§ Stored data
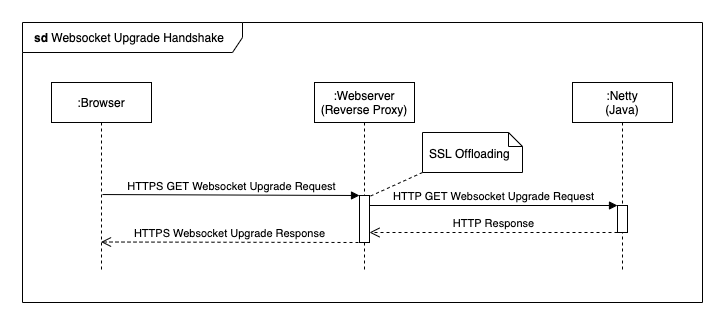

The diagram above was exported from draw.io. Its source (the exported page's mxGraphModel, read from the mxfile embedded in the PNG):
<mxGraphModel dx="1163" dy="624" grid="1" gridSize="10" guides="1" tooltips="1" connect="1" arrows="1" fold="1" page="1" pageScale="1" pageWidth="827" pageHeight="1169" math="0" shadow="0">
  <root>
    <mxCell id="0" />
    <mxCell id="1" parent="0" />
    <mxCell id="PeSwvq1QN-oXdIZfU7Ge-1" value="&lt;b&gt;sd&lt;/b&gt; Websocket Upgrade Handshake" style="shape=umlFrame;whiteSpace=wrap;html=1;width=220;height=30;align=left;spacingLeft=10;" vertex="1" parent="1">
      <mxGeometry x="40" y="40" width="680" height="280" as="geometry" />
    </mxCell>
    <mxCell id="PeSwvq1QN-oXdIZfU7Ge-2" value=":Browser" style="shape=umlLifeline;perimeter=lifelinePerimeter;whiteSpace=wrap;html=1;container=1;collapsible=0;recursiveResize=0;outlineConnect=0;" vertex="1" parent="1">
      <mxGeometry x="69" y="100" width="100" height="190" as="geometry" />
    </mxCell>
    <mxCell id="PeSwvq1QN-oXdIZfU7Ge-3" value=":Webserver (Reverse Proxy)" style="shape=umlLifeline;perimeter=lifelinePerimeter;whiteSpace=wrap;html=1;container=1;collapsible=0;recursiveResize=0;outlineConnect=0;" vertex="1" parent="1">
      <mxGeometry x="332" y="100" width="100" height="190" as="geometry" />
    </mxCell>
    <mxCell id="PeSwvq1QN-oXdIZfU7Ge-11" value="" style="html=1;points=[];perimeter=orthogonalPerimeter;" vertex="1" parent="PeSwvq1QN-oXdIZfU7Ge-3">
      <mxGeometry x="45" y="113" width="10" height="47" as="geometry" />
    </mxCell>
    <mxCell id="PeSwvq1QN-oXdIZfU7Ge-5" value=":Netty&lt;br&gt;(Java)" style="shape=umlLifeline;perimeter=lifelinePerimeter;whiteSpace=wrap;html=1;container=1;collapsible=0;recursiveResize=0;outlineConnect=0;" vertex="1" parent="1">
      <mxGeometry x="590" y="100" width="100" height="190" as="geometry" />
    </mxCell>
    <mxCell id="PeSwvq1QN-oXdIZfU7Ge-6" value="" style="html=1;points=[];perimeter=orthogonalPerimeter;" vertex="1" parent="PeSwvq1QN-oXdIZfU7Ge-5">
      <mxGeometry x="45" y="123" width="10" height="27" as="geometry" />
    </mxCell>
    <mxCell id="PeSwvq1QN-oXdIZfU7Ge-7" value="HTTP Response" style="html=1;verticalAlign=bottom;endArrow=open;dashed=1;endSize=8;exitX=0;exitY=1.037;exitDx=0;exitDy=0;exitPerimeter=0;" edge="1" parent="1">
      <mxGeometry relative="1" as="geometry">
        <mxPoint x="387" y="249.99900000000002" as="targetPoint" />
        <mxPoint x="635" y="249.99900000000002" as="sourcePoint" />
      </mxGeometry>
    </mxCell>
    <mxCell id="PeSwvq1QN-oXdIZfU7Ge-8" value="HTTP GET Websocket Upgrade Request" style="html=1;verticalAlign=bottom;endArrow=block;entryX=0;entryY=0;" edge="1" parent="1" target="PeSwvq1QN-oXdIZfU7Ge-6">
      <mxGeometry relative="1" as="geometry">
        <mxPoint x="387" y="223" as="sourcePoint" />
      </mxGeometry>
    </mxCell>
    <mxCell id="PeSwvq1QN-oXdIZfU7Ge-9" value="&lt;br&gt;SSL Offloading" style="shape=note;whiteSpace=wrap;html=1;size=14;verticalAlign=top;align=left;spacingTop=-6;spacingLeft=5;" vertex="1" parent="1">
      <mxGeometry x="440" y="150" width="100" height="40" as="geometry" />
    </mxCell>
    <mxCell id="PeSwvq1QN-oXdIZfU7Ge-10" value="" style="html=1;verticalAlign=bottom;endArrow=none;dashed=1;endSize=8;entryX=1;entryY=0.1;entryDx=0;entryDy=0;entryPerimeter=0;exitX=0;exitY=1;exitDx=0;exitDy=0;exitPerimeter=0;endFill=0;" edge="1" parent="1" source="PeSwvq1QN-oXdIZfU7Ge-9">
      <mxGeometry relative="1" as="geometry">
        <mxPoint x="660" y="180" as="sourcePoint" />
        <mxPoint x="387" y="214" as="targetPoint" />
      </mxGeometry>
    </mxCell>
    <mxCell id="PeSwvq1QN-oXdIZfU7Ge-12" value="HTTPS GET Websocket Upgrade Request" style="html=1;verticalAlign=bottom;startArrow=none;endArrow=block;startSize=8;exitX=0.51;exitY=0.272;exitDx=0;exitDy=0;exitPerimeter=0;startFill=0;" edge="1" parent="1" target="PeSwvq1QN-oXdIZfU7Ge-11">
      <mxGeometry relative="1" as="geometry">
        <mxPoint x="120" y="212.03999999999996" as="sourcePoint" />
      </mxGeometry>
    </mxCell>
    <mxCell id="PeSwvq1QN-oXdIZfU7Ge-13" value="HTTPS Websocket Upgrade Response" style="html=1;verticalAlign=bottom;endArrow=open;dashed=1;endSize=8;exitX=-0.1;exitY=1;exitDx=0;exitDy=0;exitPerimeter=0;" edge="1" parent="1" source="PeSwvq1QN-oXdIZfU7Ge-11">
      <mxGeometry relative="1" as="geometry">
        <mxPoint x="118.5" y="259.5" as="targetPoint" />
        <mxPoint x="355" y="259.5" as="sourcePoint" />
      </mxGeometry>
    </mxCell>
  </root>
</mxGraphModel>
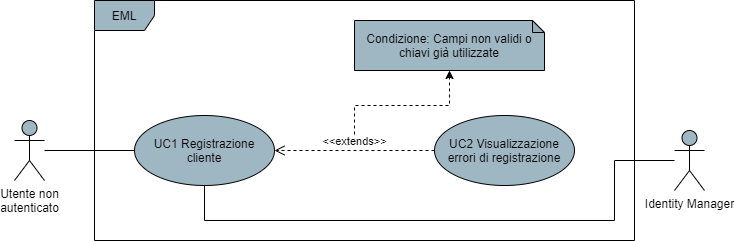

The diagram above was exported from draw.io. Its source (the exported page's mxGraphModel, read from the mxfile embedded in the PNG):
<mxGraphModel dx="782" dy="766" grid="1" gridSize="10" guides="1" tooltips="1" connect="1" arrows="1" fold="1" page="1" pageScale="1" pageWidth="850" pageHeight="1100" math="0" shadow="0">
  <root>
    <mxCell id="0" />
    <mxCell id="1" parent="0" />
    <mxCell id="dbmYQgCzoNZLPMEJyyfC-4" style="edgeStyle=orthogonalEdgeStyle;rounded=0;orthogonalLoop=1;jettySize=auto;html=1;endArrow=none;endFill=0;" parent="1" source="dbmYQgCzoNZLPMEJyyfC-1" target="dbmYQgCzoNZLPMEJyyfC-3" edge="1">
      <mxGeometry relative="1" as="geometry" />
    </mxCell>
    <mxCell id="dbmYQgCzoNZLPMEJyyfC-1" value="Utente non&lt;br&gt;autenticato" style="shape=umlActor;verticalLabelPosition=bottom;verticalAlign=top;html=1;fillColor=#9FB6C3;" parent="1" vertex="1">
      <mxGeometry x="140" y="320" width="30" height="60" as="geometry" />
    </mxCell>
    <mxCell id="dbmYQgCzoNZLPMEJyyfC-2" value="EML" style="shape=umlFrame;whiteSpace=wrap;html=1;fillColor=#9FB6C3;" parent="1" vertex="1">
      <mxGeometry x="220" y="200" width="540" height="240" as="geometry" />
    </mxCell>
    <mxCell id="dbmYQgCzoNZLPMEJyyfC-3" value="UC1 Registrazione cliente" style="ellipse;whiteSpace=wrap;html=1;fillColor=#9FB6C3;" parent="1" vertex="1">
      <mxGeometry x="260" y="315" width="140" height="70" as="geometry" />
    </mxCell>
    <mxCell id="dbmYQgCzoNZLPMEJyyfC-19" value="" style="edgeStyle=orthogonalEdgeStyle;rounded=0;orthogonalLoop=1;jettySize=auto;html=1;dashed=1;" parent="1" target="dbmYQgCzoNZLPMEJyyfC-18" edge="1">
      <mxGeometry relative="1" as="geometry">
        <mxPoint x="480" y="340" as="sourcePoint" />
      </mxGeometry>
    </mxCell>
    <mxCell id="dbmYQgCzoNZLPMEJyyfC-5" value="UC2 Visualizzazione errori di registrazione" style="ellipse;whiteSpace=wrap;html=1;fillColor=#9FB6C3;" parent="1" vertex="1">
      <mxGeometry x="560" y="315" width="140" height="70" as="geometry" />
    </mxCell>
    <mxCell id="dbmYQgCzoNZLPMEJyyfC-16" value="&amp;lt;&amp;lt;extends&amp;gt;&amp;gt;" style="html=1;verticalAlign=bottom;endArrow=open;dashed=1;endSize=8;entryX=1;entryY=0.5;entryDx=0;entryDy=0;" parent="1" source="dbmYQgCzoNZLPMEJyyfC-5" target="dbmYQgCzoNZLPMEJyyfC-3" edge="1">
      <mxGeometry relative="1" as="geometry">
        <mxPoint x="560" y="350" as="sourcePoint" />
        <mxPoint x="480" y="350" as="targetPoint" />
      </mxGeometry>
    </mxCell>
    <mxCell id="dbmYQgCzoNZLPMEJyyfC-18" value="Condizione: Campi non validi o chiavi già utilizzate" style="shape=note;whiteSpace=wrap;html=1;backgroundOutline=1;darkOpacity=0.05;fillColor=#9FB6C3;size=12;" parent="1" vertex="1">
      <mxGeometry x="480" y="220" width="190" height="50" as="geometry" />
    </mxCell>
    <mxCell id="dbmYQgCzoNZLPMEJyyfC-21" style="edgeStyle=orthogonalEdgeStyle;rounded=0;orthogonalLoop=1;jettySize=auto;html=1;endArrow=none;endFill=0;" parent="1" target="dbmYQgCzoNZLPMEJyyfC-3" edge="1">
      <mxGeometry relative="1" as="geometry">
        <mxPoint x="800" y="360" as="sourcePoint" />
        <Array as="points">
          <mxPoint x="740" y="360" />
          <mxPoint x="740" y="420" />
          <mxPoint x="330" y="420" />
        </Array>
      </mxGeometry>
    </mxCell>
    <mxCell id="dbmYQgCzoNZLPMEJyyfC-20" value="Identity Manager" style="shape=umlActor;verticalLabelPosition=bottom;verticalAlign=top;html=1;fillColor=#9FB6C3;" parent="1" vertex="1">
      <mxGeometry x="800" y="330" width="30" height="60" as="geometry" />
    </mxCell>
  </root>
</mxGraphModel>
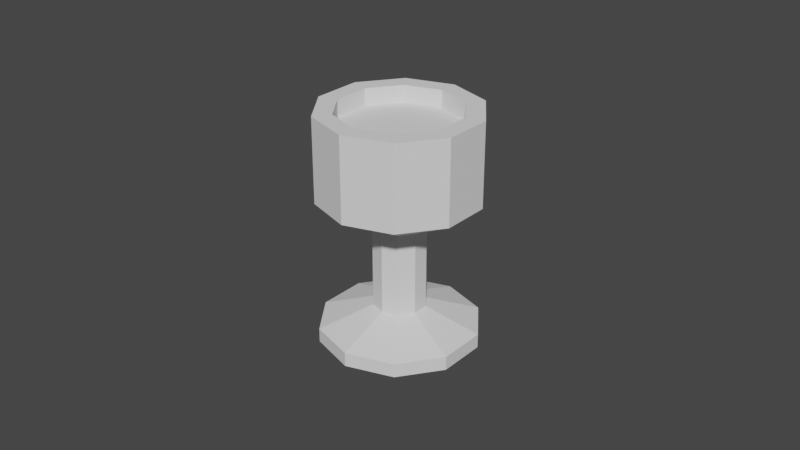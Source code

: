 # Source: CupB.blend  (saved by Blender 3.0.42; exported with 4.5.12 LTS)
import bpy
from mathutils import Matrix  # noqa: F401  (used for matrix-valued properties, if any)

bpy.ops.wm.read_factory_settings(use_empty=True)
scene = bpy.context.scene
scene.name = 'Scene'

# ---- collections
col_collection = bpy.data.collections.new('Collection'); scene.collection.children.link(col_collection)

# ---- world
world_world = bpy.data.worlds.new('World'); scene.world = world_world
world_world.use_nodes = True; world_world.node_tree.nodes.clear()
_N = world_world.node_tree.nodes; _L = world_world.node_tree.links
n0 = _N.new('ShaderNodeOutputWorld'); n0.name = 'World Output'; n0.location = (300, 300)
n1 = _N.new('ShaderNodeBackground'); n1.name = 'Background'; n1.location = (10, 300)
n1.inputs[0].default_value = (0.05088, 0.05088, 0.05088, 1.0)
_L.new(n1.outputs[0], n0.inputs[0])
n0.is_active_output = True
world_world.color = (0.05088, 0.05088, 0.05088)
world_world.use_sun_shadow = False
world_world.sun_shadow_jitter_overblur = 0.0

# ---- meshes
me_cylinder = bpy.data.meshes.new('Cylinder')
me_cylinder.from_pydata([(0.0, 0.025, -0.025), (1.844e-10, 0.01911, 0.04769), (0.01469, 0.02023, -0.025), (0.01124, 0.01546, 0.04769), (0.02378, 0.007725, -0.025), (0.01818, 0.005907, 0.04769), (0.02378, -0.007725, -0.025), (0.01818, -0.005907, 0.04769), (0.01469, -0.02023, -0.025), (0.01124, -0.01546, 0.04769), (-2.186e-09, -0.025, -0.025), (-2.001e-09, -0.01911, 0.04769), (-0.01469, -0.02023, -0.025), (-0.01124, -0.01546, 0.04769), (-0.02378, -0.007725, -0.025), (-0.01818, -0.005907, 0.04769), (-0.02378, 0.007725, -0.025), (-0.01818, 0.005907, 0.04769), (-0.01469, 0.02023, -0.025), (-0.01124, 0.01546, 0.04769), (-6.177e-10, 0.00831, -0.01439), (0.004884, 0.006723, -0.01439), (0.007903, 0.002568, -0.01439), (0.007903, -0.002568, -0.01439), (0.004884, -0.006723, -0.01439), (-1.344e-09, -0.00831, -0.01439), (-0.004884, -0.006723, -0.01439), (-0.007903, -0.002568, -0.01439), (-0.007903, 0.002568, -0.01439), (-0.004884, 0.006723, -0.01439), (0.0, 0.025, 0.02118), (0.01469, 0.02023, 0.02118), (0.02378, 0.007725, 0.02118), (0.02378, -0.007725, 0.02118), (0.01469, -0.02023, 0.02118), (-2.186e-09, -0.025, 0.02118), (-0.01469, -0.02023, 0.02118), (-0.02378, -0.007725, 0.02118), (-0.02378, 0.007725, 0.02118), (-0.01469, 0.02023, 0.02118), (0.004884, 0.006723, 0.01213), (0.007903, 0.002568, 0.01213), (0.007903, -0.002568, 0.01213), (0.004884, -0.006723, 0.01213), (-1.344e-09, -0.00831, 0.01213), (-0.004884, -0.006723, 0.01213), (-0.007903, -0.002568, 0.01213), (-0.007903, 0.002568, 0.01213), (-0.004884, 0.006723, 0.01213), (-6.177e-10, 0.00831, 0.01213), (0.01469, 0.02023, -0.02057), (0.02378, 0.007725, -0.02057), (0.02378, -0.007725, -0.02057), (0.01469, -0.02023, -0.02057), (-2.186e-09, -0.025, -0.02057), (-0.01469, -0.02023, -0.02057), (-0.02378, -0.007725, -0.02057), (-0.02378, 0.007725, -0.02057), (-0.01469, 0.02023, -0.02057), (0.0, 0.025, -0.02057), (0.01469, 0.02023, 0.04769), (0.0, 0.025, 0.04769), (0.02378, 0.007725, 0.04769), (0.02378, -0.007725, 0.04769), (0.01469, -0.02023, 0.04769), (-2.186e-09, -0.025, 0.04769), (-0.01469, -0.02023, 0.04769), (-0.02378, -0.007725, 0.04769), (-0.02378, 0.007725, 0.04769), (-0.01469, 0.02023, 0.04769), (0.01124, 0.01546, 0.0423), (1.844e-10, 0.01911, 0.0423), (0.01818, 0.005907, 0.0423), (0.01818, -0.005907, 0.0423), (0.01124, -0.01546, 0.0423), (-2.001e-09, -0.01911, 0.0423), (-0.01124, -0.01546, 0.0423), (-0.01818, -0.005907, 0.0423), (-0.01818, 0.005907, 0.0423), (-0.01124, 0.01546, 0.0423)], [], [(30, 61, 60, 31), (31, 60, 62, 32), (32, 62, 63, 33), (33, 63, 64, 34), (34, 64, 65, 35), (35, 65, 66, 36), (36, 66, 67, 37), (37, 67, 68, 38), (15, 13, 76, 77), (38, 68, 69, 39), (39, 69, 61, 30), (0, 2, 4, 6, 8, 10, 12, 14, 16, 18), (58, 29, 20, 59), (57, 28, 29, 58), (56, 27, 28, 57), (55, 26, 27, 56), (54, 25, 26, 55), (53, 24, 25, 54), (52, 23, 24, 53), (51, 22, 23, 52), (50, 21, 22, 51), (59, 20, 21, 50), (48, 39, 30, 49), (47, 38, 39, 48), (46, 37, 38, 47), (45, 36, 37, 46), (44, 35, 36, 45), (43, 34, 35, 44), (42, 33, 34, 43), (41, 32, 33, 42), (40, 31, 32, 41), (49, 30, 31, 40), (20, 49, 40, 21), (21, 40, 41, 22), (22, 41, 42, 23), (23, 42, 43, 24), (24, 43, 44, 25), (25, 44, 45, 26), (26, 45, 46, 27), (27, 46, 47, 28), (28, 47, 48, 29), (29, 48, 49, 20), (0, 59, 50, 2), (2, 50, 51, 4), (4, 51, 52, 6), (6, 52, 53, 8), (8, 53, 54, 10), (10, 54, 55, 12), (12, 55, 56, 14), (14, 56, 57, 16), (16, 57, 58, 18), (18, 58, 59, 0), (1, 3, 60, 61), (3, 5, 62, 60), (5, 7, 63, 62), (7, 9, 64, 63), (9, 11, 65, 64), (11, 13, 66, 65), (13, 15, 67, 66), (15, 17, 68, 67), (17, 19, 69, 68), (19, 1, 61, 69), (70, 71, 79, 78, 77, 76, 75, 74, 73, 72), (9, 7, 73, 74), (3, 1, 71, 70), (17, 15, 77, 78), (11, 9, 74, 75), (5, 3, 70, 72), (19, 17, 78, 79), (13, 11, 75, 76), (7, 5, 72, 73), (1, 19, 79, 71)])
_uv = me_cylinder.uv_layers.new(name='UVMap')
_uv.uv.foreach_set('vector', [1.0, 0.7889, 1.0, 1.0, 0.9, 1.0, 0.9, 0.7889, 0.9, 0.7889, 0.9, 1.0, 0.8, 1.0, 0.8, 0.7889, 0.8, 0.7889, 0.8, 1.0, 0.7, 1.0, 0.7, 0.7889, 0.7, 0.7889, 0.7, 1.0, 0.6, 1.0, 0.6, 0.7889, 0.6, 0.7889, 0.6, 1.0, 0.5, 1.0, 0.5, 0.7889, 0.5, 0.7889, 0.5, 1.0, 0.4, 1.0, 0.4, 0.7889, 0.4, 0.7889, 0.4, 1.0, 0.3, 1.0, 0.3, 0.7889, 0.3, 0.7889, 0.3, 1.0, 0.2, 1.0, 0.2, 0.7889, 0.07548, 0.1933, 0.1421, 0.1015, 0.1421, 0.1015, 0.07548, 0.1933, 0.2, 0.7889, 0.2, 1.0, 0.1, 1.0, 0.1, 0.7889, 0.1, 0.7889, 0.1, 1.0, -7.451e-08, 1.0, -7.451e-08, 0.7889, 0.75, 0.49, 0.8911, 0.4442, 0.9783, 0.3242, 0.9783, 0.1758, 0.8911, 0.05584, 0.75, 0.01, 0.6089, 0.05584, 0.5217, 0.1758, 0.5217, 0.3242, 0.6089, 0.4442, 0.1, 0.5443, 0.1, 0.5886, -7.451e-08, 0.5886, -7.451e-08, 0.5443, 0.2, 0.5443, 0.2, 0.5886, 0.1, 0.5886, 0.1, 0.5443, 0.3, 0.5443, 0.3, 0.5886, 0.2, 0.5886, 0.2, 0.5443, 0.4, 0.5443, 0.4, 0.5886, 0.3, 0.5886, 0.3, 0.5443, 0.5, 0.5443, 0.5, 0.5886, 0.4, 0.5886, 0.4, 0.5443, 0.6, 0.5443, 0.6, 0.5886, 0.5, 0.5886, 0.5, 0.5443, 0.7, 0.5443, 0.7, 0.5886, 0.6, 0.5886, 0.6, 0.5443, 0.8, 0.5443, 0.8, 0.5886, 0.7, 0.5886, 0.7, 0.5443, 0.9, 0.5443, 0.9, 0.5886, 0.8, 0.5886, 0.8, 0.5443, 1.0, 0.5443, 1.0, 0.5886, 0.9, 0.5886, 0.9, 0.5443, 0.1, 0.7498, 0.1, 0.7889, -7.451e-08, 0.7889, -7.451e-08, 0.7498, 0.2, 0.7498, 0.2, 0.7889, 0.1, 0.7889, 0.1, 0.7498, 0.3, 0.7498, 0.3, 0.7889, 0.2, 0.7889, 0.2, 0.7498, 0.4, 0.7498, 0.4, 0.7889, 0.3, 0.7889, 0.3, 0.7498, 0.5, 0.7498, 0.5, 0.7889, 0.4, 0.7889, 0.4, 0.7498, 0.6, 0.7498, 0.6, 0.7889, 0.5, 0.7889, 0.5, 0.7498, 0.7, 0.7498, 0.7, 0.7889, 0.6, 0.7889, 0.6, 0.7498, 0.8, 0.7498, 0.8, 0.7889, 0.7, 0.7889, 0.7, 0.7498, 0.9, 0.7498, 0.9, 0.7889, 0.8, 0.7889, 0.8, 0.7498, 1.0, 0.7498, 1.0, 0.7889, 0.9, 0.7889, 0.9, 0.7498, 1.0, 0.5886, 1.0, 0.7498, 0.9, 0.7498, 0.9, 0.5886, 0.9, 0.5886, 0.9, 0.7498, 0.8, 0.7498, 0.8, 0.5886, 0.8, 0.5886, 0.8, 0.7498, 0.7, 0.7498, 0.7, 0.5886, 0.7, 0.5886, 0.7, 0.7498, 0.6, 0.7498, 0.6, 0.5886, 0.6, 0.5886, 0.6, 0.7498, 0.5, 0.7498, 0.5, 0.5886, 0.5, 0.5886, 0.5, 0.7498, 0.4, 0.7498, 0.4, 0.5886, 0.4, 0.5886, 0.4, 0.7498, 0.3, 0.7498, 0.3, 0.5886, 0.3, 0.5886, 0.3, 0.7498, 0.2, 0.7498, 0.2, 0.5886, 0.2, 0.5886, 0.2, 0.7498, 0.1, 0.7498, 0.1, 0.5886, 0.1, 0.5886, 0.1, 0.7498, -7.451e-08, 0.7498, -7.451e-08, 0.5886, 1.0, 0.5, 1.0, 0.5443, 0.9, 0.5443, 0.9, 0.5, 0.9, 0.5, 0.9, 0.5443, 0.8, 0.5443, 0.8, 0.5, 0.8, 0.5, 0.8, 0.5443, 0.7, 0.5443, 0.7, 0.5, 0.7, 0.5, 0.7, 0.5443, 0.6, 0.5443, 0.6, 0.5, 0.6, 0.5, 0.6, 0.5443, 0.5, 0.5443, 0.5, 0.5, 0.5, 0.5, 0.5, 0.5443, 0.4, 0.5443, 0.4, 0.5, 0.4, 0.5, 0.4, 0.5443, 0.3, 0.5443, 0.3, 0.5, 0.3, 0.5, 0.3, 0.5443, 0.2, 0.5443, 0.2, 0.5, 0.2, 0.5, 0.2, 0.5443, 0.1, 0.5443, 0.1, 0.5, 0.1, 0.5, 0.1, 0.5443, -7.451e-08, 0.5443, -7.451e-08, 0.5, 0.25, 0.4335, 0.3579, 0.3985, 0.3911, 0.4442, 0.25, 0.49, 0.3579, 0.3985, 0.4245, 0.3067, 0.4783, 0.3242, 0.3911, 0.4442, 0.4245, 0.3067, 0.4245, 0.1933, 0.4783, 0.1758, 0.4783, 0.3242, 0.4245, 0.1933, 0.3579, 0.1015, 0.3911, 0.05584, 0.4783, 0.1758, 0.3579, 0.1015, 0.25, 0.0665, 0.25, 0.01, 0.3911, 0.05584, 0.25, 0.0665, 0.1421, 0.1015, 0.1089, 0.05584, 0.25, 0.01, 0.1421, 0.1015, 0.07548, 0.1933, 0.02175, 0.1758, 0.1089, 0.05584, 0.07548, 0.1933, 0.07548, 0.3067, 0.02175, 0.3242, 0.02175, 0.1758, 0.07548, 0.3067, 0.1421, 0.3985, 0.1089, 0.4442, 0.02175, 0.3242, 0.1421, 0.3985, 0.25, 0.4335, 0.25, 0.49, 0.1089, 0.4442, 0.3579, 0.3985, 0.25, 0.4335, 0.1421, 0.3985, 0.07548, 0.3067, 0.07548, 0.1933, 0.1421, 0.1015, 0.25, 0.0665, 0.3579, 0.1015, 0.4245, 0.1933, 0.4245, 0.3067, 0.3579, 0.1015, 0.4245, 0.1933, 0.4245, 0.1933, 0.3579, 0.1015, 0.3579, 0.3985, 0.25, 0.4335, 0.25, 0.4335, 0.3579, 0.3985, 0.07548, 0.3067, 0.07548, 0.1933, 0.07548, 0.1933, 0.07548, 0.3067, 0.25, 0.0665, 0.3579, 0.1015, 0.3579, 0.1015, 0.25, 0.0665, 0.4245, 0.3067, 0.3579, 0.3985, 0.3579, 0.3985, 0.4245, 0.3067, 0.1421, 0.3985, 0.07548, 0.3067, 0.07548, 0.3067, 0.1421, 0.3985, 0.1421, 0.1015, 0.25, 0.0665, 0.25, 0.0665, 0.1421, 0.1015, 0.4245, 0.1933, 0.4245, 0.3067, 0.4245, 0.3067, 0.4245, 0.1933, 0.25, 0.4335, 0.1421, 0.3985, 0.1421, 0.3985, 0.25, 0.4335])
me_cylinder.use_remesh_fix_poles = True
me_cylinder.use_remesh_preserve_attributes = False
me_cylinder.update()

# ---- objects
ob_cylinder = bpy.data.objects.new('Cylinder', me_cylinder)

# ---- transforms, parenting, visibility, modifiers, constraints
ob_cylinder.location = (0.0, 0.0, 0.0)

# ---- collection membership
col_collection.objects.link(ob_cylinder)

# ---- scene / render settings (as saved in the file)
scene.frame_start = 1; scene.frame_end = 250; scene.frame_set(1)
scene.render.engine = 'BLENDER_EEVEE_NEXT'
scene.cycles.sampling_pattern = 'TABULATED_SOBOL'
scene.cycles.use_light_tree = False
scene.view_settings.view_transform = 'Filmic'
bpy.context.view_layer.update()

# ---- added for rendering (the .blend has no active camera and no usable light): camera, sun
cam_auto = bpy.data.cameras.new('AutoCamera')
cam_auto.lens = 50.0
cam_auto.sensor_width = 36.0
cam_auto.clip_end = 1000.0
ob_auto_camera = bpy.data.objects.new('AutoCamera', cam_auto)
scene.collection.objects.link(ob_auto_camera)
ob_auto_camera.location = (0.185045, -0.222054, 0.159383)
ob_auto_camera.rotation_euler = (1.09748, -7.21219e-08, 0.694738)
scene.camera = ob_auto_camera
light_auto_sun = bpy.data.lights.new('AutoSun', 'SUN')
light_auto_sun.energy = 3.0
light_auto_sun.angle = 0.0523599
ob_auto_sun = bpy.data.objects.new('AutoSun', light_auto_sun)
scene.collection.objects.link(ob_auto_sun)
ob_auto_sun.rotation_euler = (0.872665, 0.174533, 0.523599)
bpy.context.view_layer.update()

§ Requirement
Find the line with "ob_auto_camera.location = (0.185045, -0.222054, 0.159383)". Transcribe it and every line after it exactly, through the end of the records above, and nothing else.

§ Answer to the exercise
ob_auto_camera.location = (0.185045, -0.222054, 0.159383)
ob_auto_camera.rotation_euler = (1.09748, -7.21219e-08, 0.694738)
scene.camera = ob_auto_camera
light_auto_sun = bpy.data.lights.new('AutoSun', 'SUN')
light_auto_sun.energy = 3.0
light_auto_sun.angle = 0.0523599
ob_auto_sun = bpy.data.objects.new('AutoSun', light_auto_sun)
scene.collection.objects.link(ob_auto_sun)
ob_auto_sun.rotation_euler = (0.872665, 0.174533, 0.523599)
bpy.context.view_layer.update()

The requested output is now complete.